_Task objective_
Find the line with "#86=ORIENTED_EDGE('',*,*,#85,.F.);" in the records below. Copy it and every line after it, up to and including the line with "#103=DIRECTION('',(0.145492906313176,0.,-0.989359294802725));".

Content starts

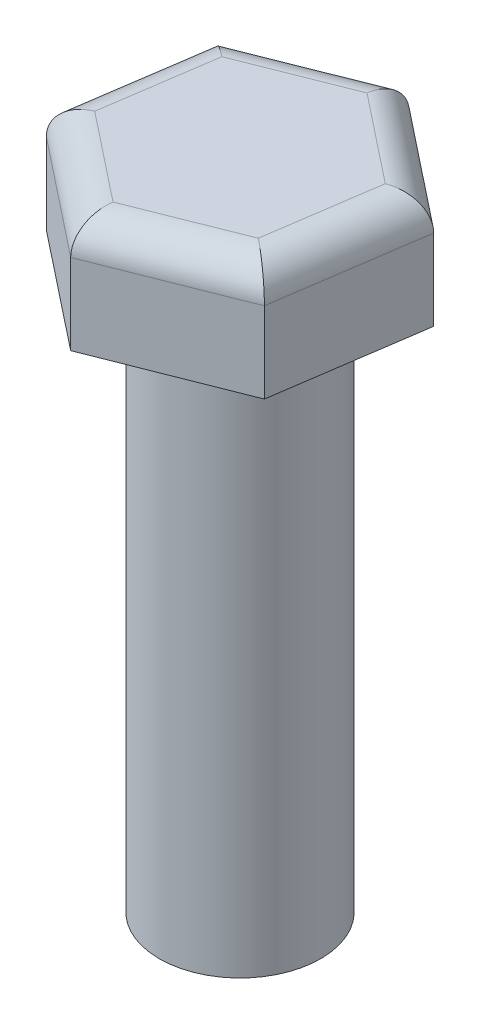
ISO-10303-21;
HEADER;
FILE_DESCRIPTION(('STEP AP214'),'2;1');
FILE_NAME('part.step','',(''),(''),'','','');
FILE_SCHEMA(('AUTOMOTIVE_DESIGN { 1 0 10303 214 1 1 1 1 }'));
ENDSEC;
DATA;
#1=APPLICATION_CONTEXT('core data for automotive mechanical design processes');
#2=APPLICATION_PROTOCOL_DEFINITION('international standard','automotive_design',2000,#1);
#3=PRODUCT_CONTEXT('',#1,'mechanical');
#4=PRODUCT('Part','Part','',(#3));
#5=PRODUCT_RELATED_PRODUCT_CATEGORY('part','',(#4));
#6=PRODUCT_DEFINITION_FORMATION('','',#4);
#7=PRODUCT_DEFINITION_CONTEXT('part definition',#1,'design');
#8=PRODUCT_DEFINITION('design','',#6,#7);
#9=PRODUCT_DEFINITION_SHAPE('','',#8);
#10=(LENGTH_UNIT() NAMED_UNIT(*) SI_UNIT(.MILLI.,.METRE.));
#11=(NAMED_UNIT(*) PLANE_ANGLE_UNIT() SI_UNIT($,.RADIAN.));
#12=(NAMED_UNIT(*) SI_UNIT($,.STERADIAN.) SOLID_ANGLE_UNIT());
#13=UNCERTAINTY_MEASURE_WITH_UNIT(LENGTH_MEASURE(1.E-05),#10,'distance_accuracy_value','');
#14=(GEOMETRIC_REPRESENTATION_CONTEXT(3) GLOBAL_UNCERTAINTY_ASSIGNED_CONTEXT((#13)) GLOBAL_UNIT_ASSIGNED_CONTEXT((#10,
#11,#12)) REPRESENTATION_CONTEXT('',''));
#15=CARTESIAN_POINT('',(0.,0.,0.));
#16=DIRECTION('',(0.,0.,1.));
#17=DIRECTION('',(1.,0.,0.));
#18=AXIS2_PLACEMENT_3D('',#15,#16,#17);
#19=CARTESIAN_POINT('',(0.,17.,0.));
#20=DIRECTION('',(0.,-1.,0.));
#21=DIRECTION('',(0.,0.,-1.));
#22=AXIS2_PLACEMENT_3D('',#19,#20,#21);
#23=CYLINDRICAL_SURFACE('',#22,2.5);
#24=CARTESIAN_POINT('',(0.,17.,0.));
#25=DIRECTION('',(0.,1.,0.));
#26=DIRECTION('',(0.,0.,1.));
#27=AXIS2_PLACEMENT_3D('',#24,#25,#26);
#28=CIRCLE('',#27,2.5);
#29=CARTESIAN_POINT('',(0.,17.,2.5));
#30=VERTEX_POINT('',#29);
#31=EDGE_CURVE('E151',#30,#30,#28,.T.);
#32=ORIENTED_EDGE('',*,*,#31,.F.);
#33=EDGE_LOOP('',(#32));
#34=FACE_BOUND('',#33,.T.);
#35=CARTESIAN_POINT('',(0.,0.,0.));
#36=DIRECTION('',(0.,1.,0.));
#37=DIRECTION('',(0.,0.,1.));
#38=AXIS2_PLACEMENT_3D('',#35,#36,#37);
#39=CIRCLE('',#38,2.5);
#40=CARTESIAN_POINT('',(0.,0.,2.5));
#41=VERTEX_POINT('',#40);
#42=EDGE_CURVE('E114',#41,#41,#39,.T.);
#43=ORIENTED_EDGE('',*,*,#42,.T.);
#44=EDGE_LOOP('',(#43));
#45=FACE_BOUND('',#44,.T.);
#46=ADVANCED_FACE('F31',(#34,#45),#23,.T.);
#47=CARTESIAN_POINT('',(0.,0.,0.));
#48=DIRECTION('',(0.,1.,0.));
#49=DIRECTION('',(0.,0.,1.));
#50=AXIS2_PLACEMENT_3D('',#47,#48,#49);
#51=PLANE('',#50);
#52=ORIENTED_EDGE('',*,*,#42,.F.);
#53=EDGE_LOOP('',(#52));
#54=FACE_BOUND('',#53,.T.);
#55=ADVANCED_FACE('F226',(#54),#51,.F.);
#56=CARTESIAN_POINT('',(3.62143570471053,17.,2.86679904597115));
#57=DIRECTION('',(0.,1.,0.));
#58=DIRECTION('',(0.,0.,1.));
#59=AXIS2_PLACEMENT_3D('',#56,#57,#58);
#60=PLANE('',#59);
#61=DIRECTION('',(0.929556735926005,0.,-0.368679094463723));
#62=VECTOR('',#61,1.);
#63=CARTESIAN_POINT('',(-0.672002949000746,17.,4.56965484143689));
#64=LINE('',#63,#62);
#65=CARTESIAN_POINT('',(-0.672002949000746,17.,4.56965484143689));
#66=VERTEX_POINT('',#65);
#67=CARTESIAN_POINT('',(3.62143570471053,17.,2.86679904597115));
#68=VERTEX_POINT('',#67);
#69=EDGE_CURVE('E122',#66,#68,#64,.T.);
#70=ORIENTED_EDGE('',*,*,#69,.F.);
#71=DIRECTION('',(0.784063829612829,0.,0.620680200339002));
#72=VECTOR('',#71,1.);
#73=CARTESIAN_POINT('',(-4.29343865371127,17.,1.70285579546574));
#74=LINE('',#73,#72);
#75=CARTESIAN_POINT('',(-4.29343865371127,17.,1.70285579546574));
#76=VERTEX_POINT('',#75);
#77=EDGE_CURVE('E141',#76,#66,#74,.T.);
#78=ORIENTED_EDGE('',*,*,#77,.F.);
#79=DIRECTION('',(-0.145492906313176,0.,0.989359294802725));
#80=VECTOR('',#79,1.);
#81=CARTESIAN_POINT('',(-3.62143570471053,17.,-2.86679904597115));
#82=LINE('',#81,#80);
#83=CARTESIAN_POINT('',(-3.62143570471053,17.,-2.86679904597115));
#84=VERTEX_POINT('',#83);
#85=EDGE_CURVE('E138',#84,#76,#82,.T.);
#86=ORIENTED_EDGE('',*,*,#85,.F.);
#87=DIRECTION('',(-0.929556735926005,0.,0.368679094463723));
#88=VECTOR('',#87,1.);
#89=CARTESIAN_POINT('',(0.672002949000745,17.,-4.56965484143689));
#90=LINE('',#89,#88);
#91=CARTESIAN_POINT('',(0.672002949000745,17.,-4.56965484143689));
#92=VERTEX_POINT('',#91);
#93=EDGE_CURVE('E135',#92,#84,#90,.T.);
#94=ORIENTED_EDGE('',*,*,#93,.F.);
#95=DIRECTION('',(-0.78406382961283,0.,-0.620680200339002));
#96=VECTOR('',#95,1.);
#97=CARTESIAN_POINT('',(4.29343865371127,17.,-1.70285579546574));
#98=LINE('',#97,#96);
#99=CARTESIAN_POINT('',(4.29343865371127,17.,-1.70285579546574));
#100=VERTEX_POINT('',#99);
#101=EDGE_CURVE('E125',#100,#92,#98,.T.);
#102=ORIENTED_EDGE('',*,*,#101,.F.);
#103=DIRECTION('',(0.145492906313176,0.,-0.989359294802725));
#104=VECTOR('',#103,1.);
#105=CARTESIAN_POINT('',(3.62143570471053,17.,2.86679904597115));
#106=LINE('',#105,#104);
#107=EDGE_CURVE('E106',#68,#100,#106,.T.);
#108=ORIENTED_EDGE('',*,*,#107,.F.);
#109=EDGE_LOOP('',(#70,#78,#86,#94,#102,#108));
#110=FACE_BOUND('',#109,.T.);
#111=ORIENTED_EDGE('',*,*,#31,.T.);
#112=EDGE_LOOP('',(#111));
#113=FACE_BOUND('',#112,.T.);
#114=ADVANCED_FACE('F119',(#110,#113),#60,.F.);
#115=CARTESIAN_POINT('',(-0.672002949000746,20.5,4.56965484143689));
#116=DIRECTION('',(-0.368679094463723,0.,-0.929556735926005));
#117=DIRECTION('',(-0.929556735926006,0.,0.368679094463723));
#118=AXIS2_PLACEMENT_3D('',#115,#116,#117);
#119=PLANE('',#118);
#120=DIRECTION('',(0.,-1.,0.));
#121=VECTOR('',#120,1.);
#122=CARTESIAN_POINT('',(3.62143570471053,20.5,2.86679904597115));
#123=LINE('',#122,#121);
#124=CARTESIAN_POINT('',(3.62143570471053,19.5,2.86679904597115));
#125=VERTEX_POINT('',#124);
#126=EDGE_CURVE('E102',#125,#68,#123,.T.);
#127=ORIENTED_EDGE('',*,*,#126,.F.);
#128=DIRECTION('',(0.929556735926006,0.,-0.368679094463723));
#129=VECTOR('',#128,1.);
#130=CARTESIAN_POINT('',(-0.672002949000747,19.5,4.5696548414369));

Content ends

_Solution_
#86=ORIENTED_EDGE('',*,*,#85,.F.);
#87=DIRECTION('',(-0.929556735926005,0.,0.368679094463723));
#88=VECTOR('',#87,1.);
#89=CARTESIAN_POINT('',(0.672002949000745,17.,-4.56965484143689));
#90=LINE('',#89,#88);
#91=CARTESIAN_POINT('',(0.672002949000745,17.,-4.56965484143689));
#92=VERTEX_POINT('',#91);
#93=EDGE_CURVE('E135',#92,#84,#90,.T.);
#94=ORIENTED_EDGE('',*,*,#93,.F.);
#95=DIRECTION('',(-0.78406382961283,0.,-0.620680200339002));
#96=VECTOR('',#95,1.);
#97=CARTESIAN_POINT('',(4.29343865371127,17.,-1.70285579546574));
#98=LINE('',#97,#96);
#99=CARTESIAN_POINT('',(4.29343865371127,17.,-1.70285579546574));
#100=VERTEX_POINT('',#99);
#101=EDGE_CURVE('E125',#100,#92,#98,.T.);
#102=ORIENTED_EDGE('',*,*,#101,.F.);
#103=DIRECTION('',(0.145492906313176,0.,-0.989359294802725));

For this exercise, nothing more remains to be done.